Les évêques de France ont récemment exprimé leur soutien aux soins palliatifs dans une tribune. Ce soutien intervient alors que le débat parlementaire sur la fin de vie a repris au Sénat. Ils soulignent que les soins palliatifs représentent « l’unique bonne réponse » aux défis posés par la fin de vie.
Dans leur déclaration, les évêques rappellent leur profond respect pour les personnes en fin de vie.

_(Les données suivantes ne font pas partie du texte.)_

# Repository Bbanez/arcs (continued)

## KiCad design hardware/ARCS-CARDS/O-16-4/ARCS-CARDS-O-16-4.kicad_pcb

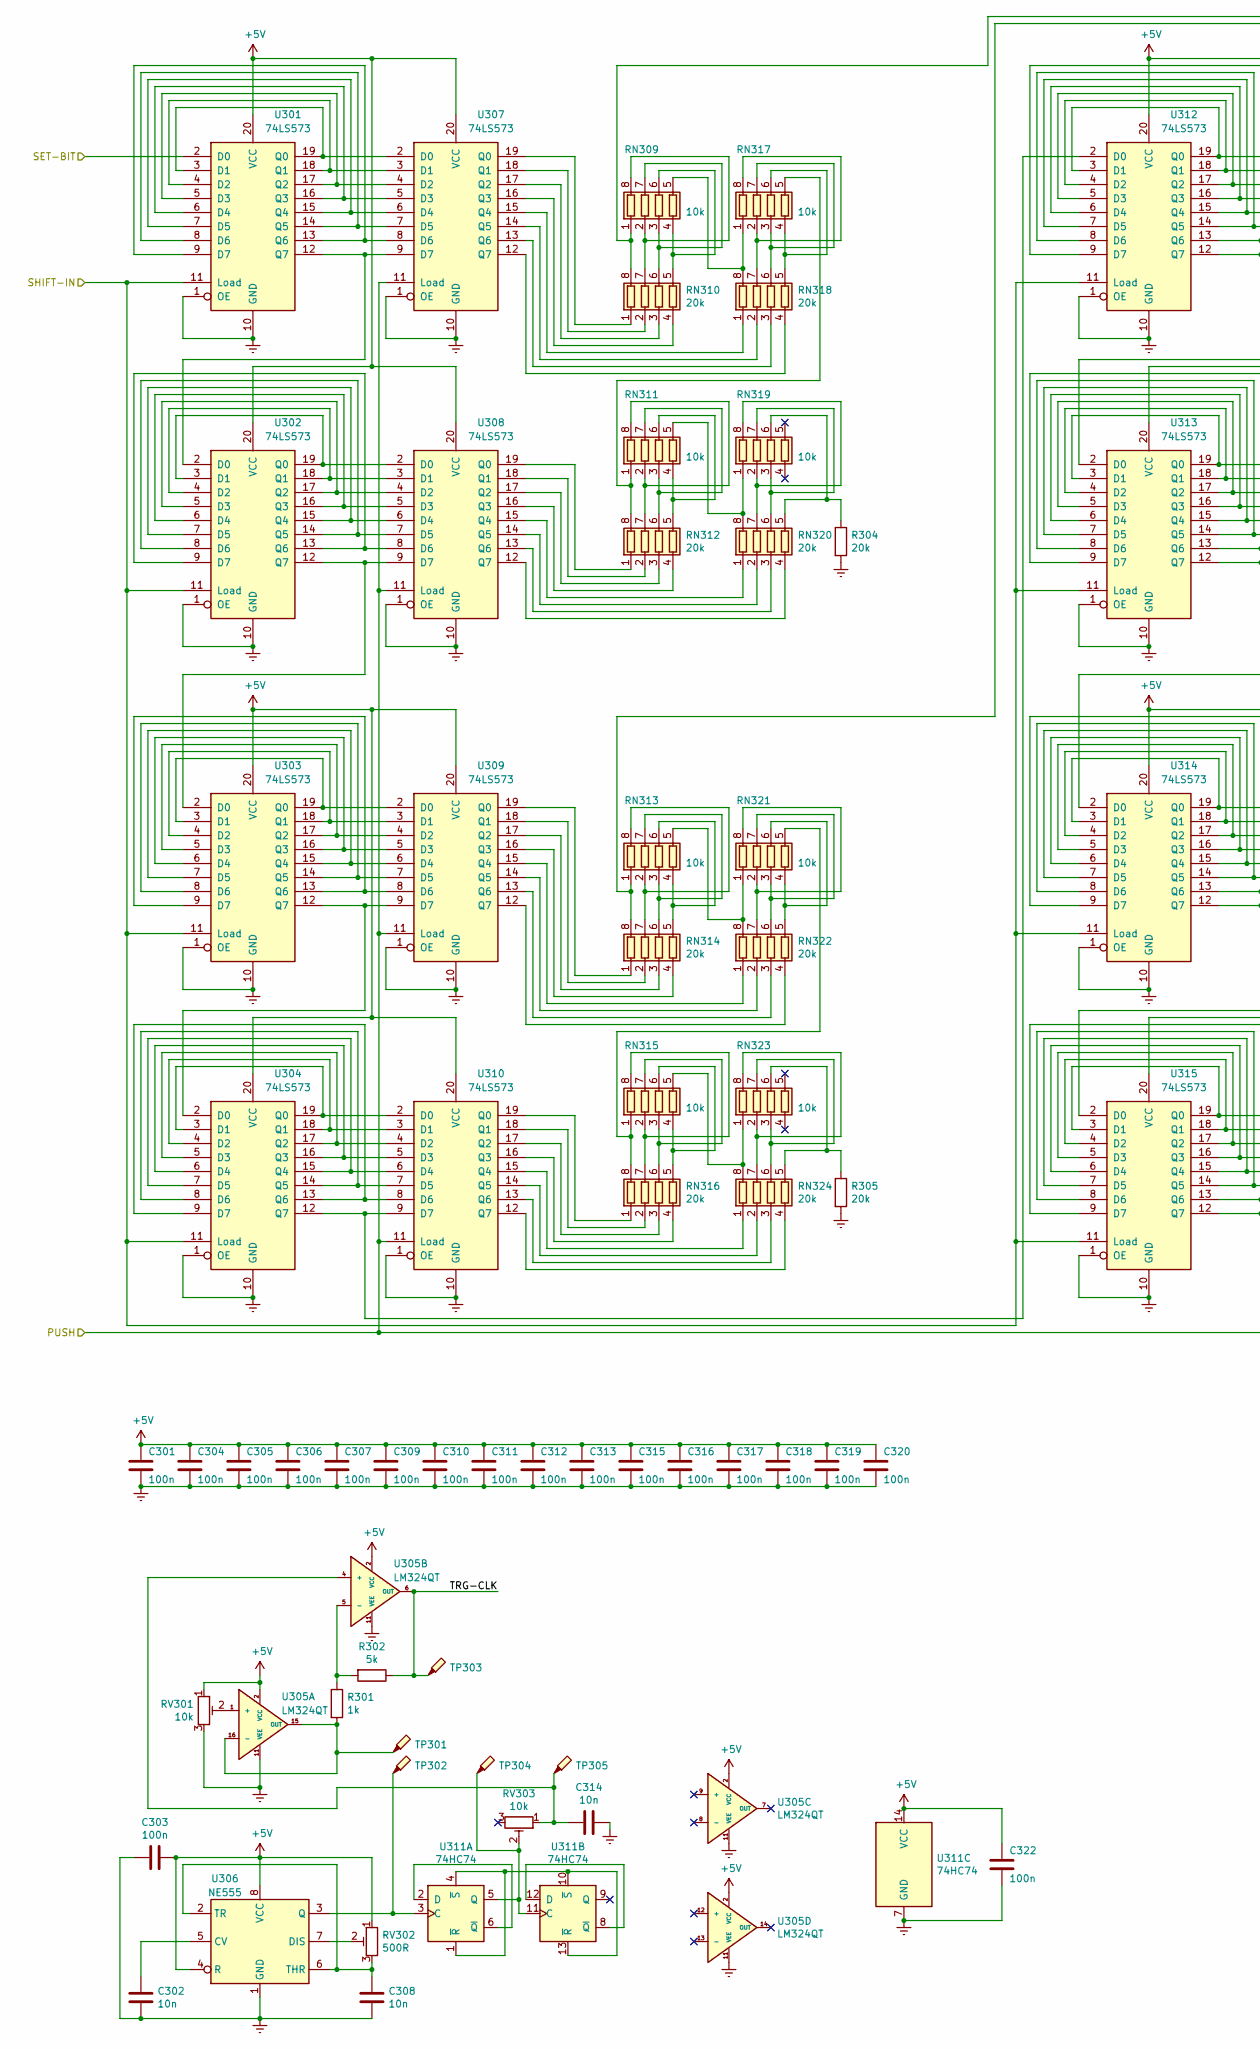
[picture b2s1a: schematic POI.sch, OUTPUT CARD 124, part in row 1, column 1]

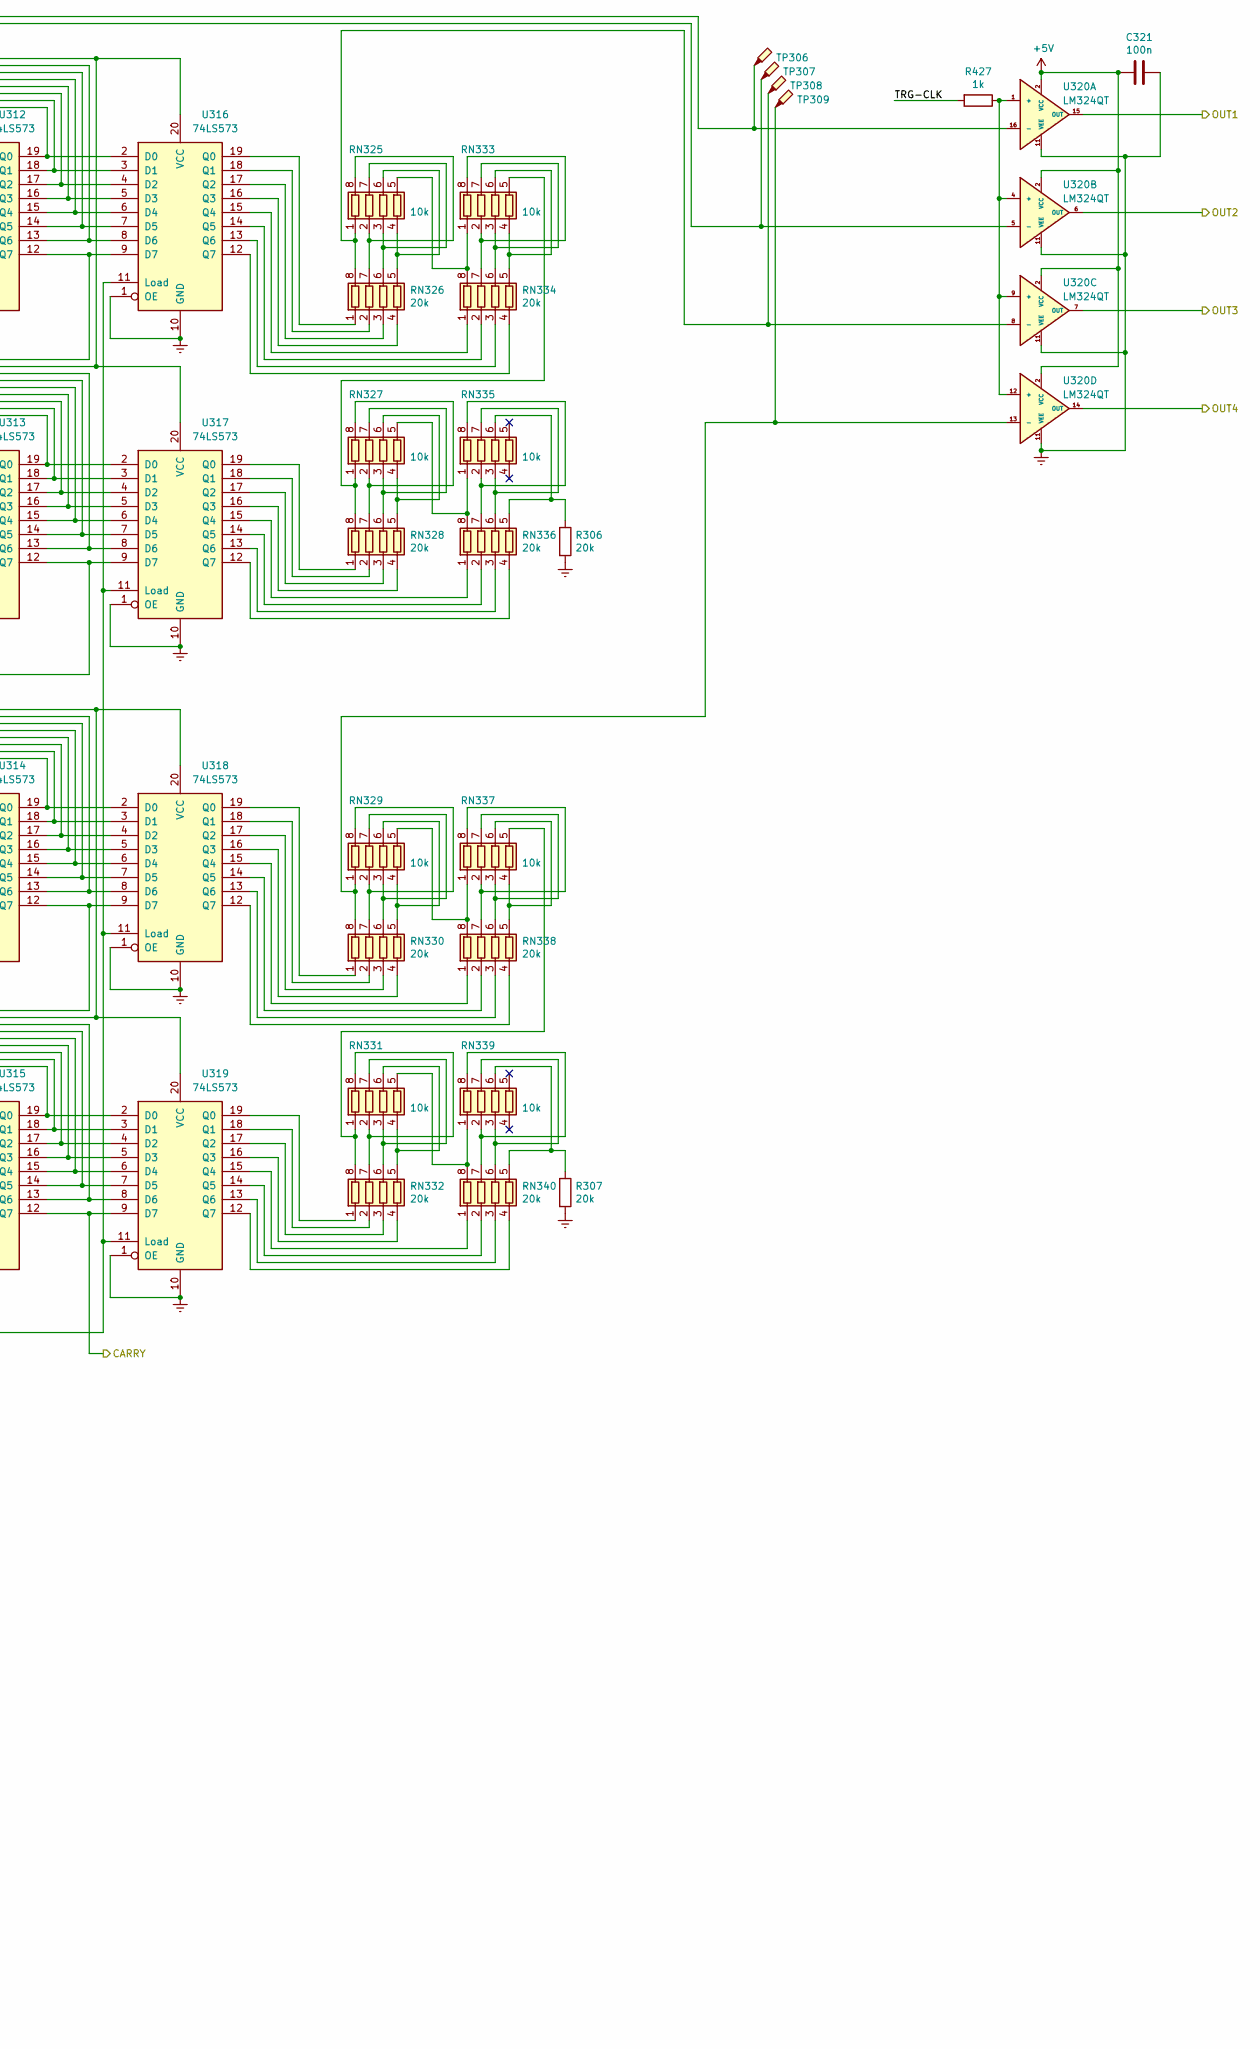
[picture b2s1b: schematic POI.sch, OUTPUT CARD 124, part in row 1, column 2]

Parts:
C301, C303, C304, C305, C306, C307, C309, C310, C311, C312, C313, C315, C316, C317, C318, C319, C320, C321, C322: 100n; C_0603_1608Metric
C302, C308, C314: 10n; C_0603_1608Metric
R301, R427: 1k; R_0603_1608Metric
R302: 5k; R_0603_1608Metric
R304, R305, R306, R307: 20k; R_0603_1608Metric
RN309, RN311, RN313, RN315, RN317, RN319, RN321, RN323, RN325, RN327, RN329, RN331, RN333, RN335, RN337, RN339: 10k; R_Array_Convex_4x0603
RN310, RN312, RN314, RN316, RN318, RN320, RN322, RN324, RN326, RN328, RN330, RN332, RN334, RN336, RN338, RN340: 20k; R_Array_Convex_4x0603
RV301, RV303: 10k; Potentiometer_Bourns_3224W_Vertical
RV302: 500R; Potentiometer_Bourns_3224W_Vertical
TP301, TP302, TP303, TP304, TP305, TP306, TP307, TP308, TP309: TestPoint_Probe; TestPoint_Pad_D1.0mm
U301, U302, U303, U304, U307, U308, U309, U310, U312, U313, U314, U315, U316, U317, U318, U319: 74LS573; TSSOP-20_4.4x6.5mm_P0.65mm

Ils mettent en avant le choix de la France, fait depuis plus de 25 ans, de « refuser à la fois l’acharnement déraisonnable et la mort provoquée ». Cette position soulève des questions profondes sur le sens de la vie et de la souffrance.
Les évêques de France attirent l'attention sur l'accès inégal aux soins palliatifs à travers le pays. Ils notent qu’actuellement, près d’un quart des besoins en soins palliatifs ne sont pas couverts. Cela soulève des préoccupations éthiques et sociales importantes.
Ils appellent les responsables politiques à prendre conscience de la portée anthropologique de leurs décisions. En effet, la question des soins palliatifs est cruciale et nécessite une attention particulière dans les débats législatifs.
Les évêques s'opposent fermement à l'idée d'évoquer une loi de fraternité qui permettrait de faire mourir une personne. Ils affirment que cela constitue un mensonge et que l'euthanasie et le suicide assisté ne doivent pas être considérés comme des actes de soin. Cette position soulève des questions éthiques fondamentales.
Ils insistent sur le fait que instrumentaliser des notions telles que la dignité ou la liberté pour justifier ces pratiques est inacceptable. Les évêques plaident pour une réflexion plus profonde sur la dignité de la vie humaine.
Le Sénat a récemment repris l’examen de ce texte, souhaité par l’exécutif. Cependant, ce débat a été reporté à plusieurs reprises en raison de tensions politiques. La chambre haute discutera de ce sujet à partir du 20 janvier, avec un vote prévu le 28 janvier.
Parallèlement, l’Assemblée nationale devrait également examiner ces propositions en février. Le débat se divise en deux propositions de loi : l'une sur les soins palliatifs et l'autre sur l'aide à mourir, qui est un sujet plus sensible.
Les évêques de France rappellent l’importance des soins palliatifs dans le contexte de la fin de vie. Ils soulignent les inégalités d’accès et mettent en garde contre les dérives potentielles liées à l’euthanasie. Ce débat parlementaire est crucial pour l’avenir des soins en France et mérite une attention particulière.